> **AIM OF THE EXERCISE**
Which lines hold the string "Autodesk"? Copy each of them from the material below.

> **DATA TO PROCESS**
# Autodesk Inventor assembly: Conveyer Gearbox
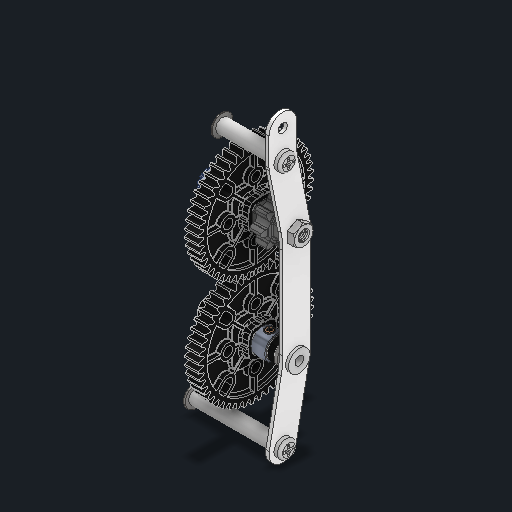
[picture p0: Inventor's stored thumbnail of the model, 512x512]
Saved by Autodesk Inventor 2025.1 (Build 291241000, 241)
## iProperties
Created: 2024-11-21
Part Number: Conveyer Gearbox
Document SubType Name: Assembly
Designer: avere
Author: avere
## Documents named in this file (24)
- C:\Users\avere\VEX\High Stakes\CAD\V3\Intake\Conveyer Gearbox.iam
- C:\Users\avere\VEX\High Stakes\CAD\ROBOPROS-CAD-Inventor\Modified Parts\Equal Half Cut HS 48T Gear, No Insert.ipt
- C:\Users\avere\VEX\High Stakes\CAD\V3\Intake\Custom Parts\Conveyer Gearbox Gusset.ipt
- C:\Users\avere\VEX\High Stakes\CAD\ROBOPROS-CAD-Inventor\Motion\Sprockets\6P Sprocket\6P 8T Sprocket, No Insert.iam
- C:\Users\avere\VEX\High Stakes\CAD\ROBOPROS-CAD-Inventor\Motion\Sprockets\6P Sprocket.iam
- C:\Users\avere\VEX\High Stakes\CAD\ROBOPROS-CAD-Inventor\Motion\Insert Circle.ipt
- C:\Users\avere\VEX\High Stakes\CAD\ROBOPROS-CAD-Inventor\Motion\HS Shaft Adapter Circle.ipt
- C:\Users\avere\VEX\High Stakes\CAD\ROBOPROS-CAD-Inventor\Motion\Shaft HS\HS Spacer\HSpacer .1250.ipt
- C:\Users\avere\VEX\High Stakes\CAD\ROBOPROS-CAD-Inventor\Motion\Shaft HS\HS Spacer.ipt
- C:\Users\avere\VEX\High Stakes\CAD\ROBOPROS-CAD-Inventor\Structure\Hardware\Nut Keps.ipt
- C:\Users\avere\VEX\High Stakes\CAD\ROBOPROS-CAD-Inventor\Motion\Spacers\Spacer Nylon .375 OD\NSpacer .375 OD x .125.ipt
- C:\Users\avere\VEX\High Stakes\CAD\ROBOPROS-CAD-Inventor\Motion\Spacers\Spacer Nylon .375 OD.ipt
- C:\Users\avere\VEX\High Stakes\CAD\ROBOPROS-CAD-Inventor\Motion\Spacers\Washer Teflon\TWasher .375 OD x .04000.ipt
- C:\Users\avere\VEX\High Stakes\CAD\ROBOPROS-CAD-Inventor\Motion\Spacers\Washer Teflon.ipt
- C:\Users\avere\VEX\High Stakes\CAD\ROBOPROS-CAD-Inventor\Motion\Spacers\Washer Steel\SWasher .375 OD x .031250.ipt
- C:\Users\avere\VEX\High Stakes\CAD\ROBOPROS-CAD-Inventor\Motion\Spacers\Washer Steel.ipt
- C:\Users\avere\VEX\High Stakes\CAD\ROBOPROS-CAD-Inventor\Motion\Shaft LS\Shaft Collar ipts\Shaft Collar Set Screw.ipt
- C:\Users\avere\VEX\High Stakes\CAD\ROBOPROS-CAD-Inventor\Motion\Spacers\Washer Steel\SWasher .375 OD x .062500.ipt
- C:\Users\avere\VEX\High Stakes\CAD\ROBOPROS-CAD-Inventor\Motion\Spacers\Washer Steel\SWasher .375 OD x .015625.ipt
- C:\Users\avere\VEX\High Stakes\CAD\ROBOPROS-CAD-Inventor\Motion\Spacers\Spacer Nylon .375 OD\NSpacer .375 OD x .500.ipt
- C:\Users\avere\VEX\High Stakes\CAD\ROBOPROS-CAD-Inventor\Structure\Nylon Standoff Rounded\Nylon Standoff 1.500.ipt
- C:\Users\avere\VEX\High Stakes\CAD\ROBOPROS-CAD-Inventor\Structure\Nylon Standoff Rounded\Nylon Standoff 1.000.ipt
- C:\Users\avere\VEX\High Stakes\CAD\ROBOPROS-CAD-Inventor\Structure\Hardware\Screw Nylon - Pan Head\NScrew Pan Head Threaded .250.ipt
- C:\Users\avere\VEX\High Stakes\CAD\ROBOPROS-CAD-Inventor\Structure\Hardware\Nut Nylon Thread-Forming.ipt
## Components (27 placed, 18 different names)
1. Equal Half Cut HS 48T Gear, No Insert:1 — Insert:6
2. Equal Half Cut HS 48T Gear, No Insert:2 — Insert:14, Insert:18
3. Conveyer Gearbox Gusset:1 — Insert:11, Mate:1, Mate:2, Mate:3, Insert:19, Insert:22, Insert:25, Insert:26, Insert:27
4. 6P 8T Sprocket, No Insert:1 [sub-assembly] — Insert:3
5. Insert Circle:1 — Insert:3, Insert:5, Insert:11
6. HS Shaft Adapter Circle:1 — Insert:4, Insert:10
7. HS Shaft Adapter Circle:2 — Insert:4, Insert:5
8. HSpacer .1250:1 — Insert:6
9. Nut Keps:1 — Insert:9
10. NSpacer .375 OD x .125:1 — Insert:8, Insert:9
11. TWasher .375 OD x .04000:1 — Insert:7, Insert:10
12. SWasher .375 OD x .031250:1 — Insert:7, Insert:8
13. Shaft Collar Set Screw:1 — Insert:14, Insert:17
14. Insert Circle:2 — Mate:1, Mate:2, Mate:3
15. NSpacer .375 OD x .125:2 — Insert:15, Insert:16
16. SWasher .375 OD x .062500:2 — Insert:15
17. SWasher .375 OD x .015625:3 — Insert:16, Insert:17
18. NSpacer .375 OD x .500:3 — Insert:18
19. Nylon Standoff 1.500:1 — Insert:23, Insert:24
20. SWasher .375 OD x .015625:4 — Insert:22, Insert:23
21. SWasher .375 OD x .031250:5 — Insert:24
22. Nylon Standoff 1.000:1 — Insert:20, Insert:21
23. SWasher .375 OD x .015625:6 — Insert:21
24. SWasher .375 OD x .031250:7 — Insert:19, Insert:20
25. NScrew Pan Head Threaded .250:1 — Insert:26
26. NScrew Pan Head Threaded .250:2 — Insert:25
27. Nut Nylon Thread-Forming:1 — Insert:27
## Relationships (27: Insert 24, Mate 3)
- [Insert]: Equal Half Cut HS 48T Gear, No Insert:1 ↔ 6P 8T Sprocket, No Insert:1
- Insert:3: 6P 8T Sprocket, No Insert:1 ↔ Insert Circle:1
- Insert:4: HS Shaft Adapter Circle:1 ↔ HS Shaft Adapter Circle:2
- Insert:5: Insert Circle:1 ↔ HS Shaft Adapter Circle:2
- Insert:6: Equal Half Cut HS 48T Gear, No Insert:1 ↔ HSpacer .1250:1
- Insert:7: TWasher .375 OD x .04000:1 ↔ SWasher .375 OD x .031250:1
- Insert:8: NSpacer .375 OD x .125:1 ↔ SWasher .375 OD x .031250:1
- Insert:9: Nut Keps:1 ↔ NSpacer .375 OD x .125:1
- Insert:10: HS Shaft Adapter Circle:1 ↔ TWasher .375 OD x .04000:1
- Insert:11: Conveyer Gearbox Gusset:1 ↔ Insert Circle:1
- Mate:1: Conveyer Gearbox Gusset:1 ↔ Insert Circle:2
- Mate:2: Conveyer Gearbox Gusset:1 ↔ Insert Circle:2
- Mate:3: Conveyer Gearbox Gusset:1 ↔ Insert Circle:2
- Insert:14: Equal Half Cut HS 48T Gear, No Insert:2 ↔ Shaft Collar Set Screw:1
- Insert:15: NSpacer .375 OD x .125:2 ↔ SWasher .375 OD x .062500:2
- Insert:16: NSpacer .375 OD x .125:2 ↔ SWasher .375 OD x .015625:3
- Insert:17: Shaft Collar Set Screw:1 ↔ SWasher .375 OD x .015625:3
- Insert:18: Equal Half Cut HS 48T Gear, No Insert:2 ↔ NSpacer .375 OD x .500:3
- Insert:19: Conveyer Gearbox Gusset:1 ↔ SWasher .375 OD x .031250:7
- Insert:20: Nylon Standoff 1.000:1 ↔ SWasher .375 OD x .031250:7
- Insert:21: Nylon Standoff 1.000:1 ↔ SWasher .375 OD x .015625:6
- Insert:22: Conveyer Gearbox Gusset:1 ↔ SWasher .375 OD x .015625:4
- Insert:23: Nylon Standoff 1.500:1 ↔ SWasher .375 OD x .015625:4
- Insert:24: Nylon Standoff 1.500:1 ↔ SWasher .375 OD x .031250:5
- Insert:25: Conveyer Gearbox Gusset:1 ↔ NScrew Pan Head Threaded .250:2
- Insert:26: Conveyer Gearbox Gusset:1 ↔ NScrew Pan Head Threaded .250:1
- Insert:27: Conveyer Gearbox Gusset:1 ↔ Nut Nylon Thread-Forming:1

> **ANSWER**
# Autodesk Inventor assembly: Conveyer Gearbox
Saved by Autodesk Inventor 2025.1 (Build 291241000, 241)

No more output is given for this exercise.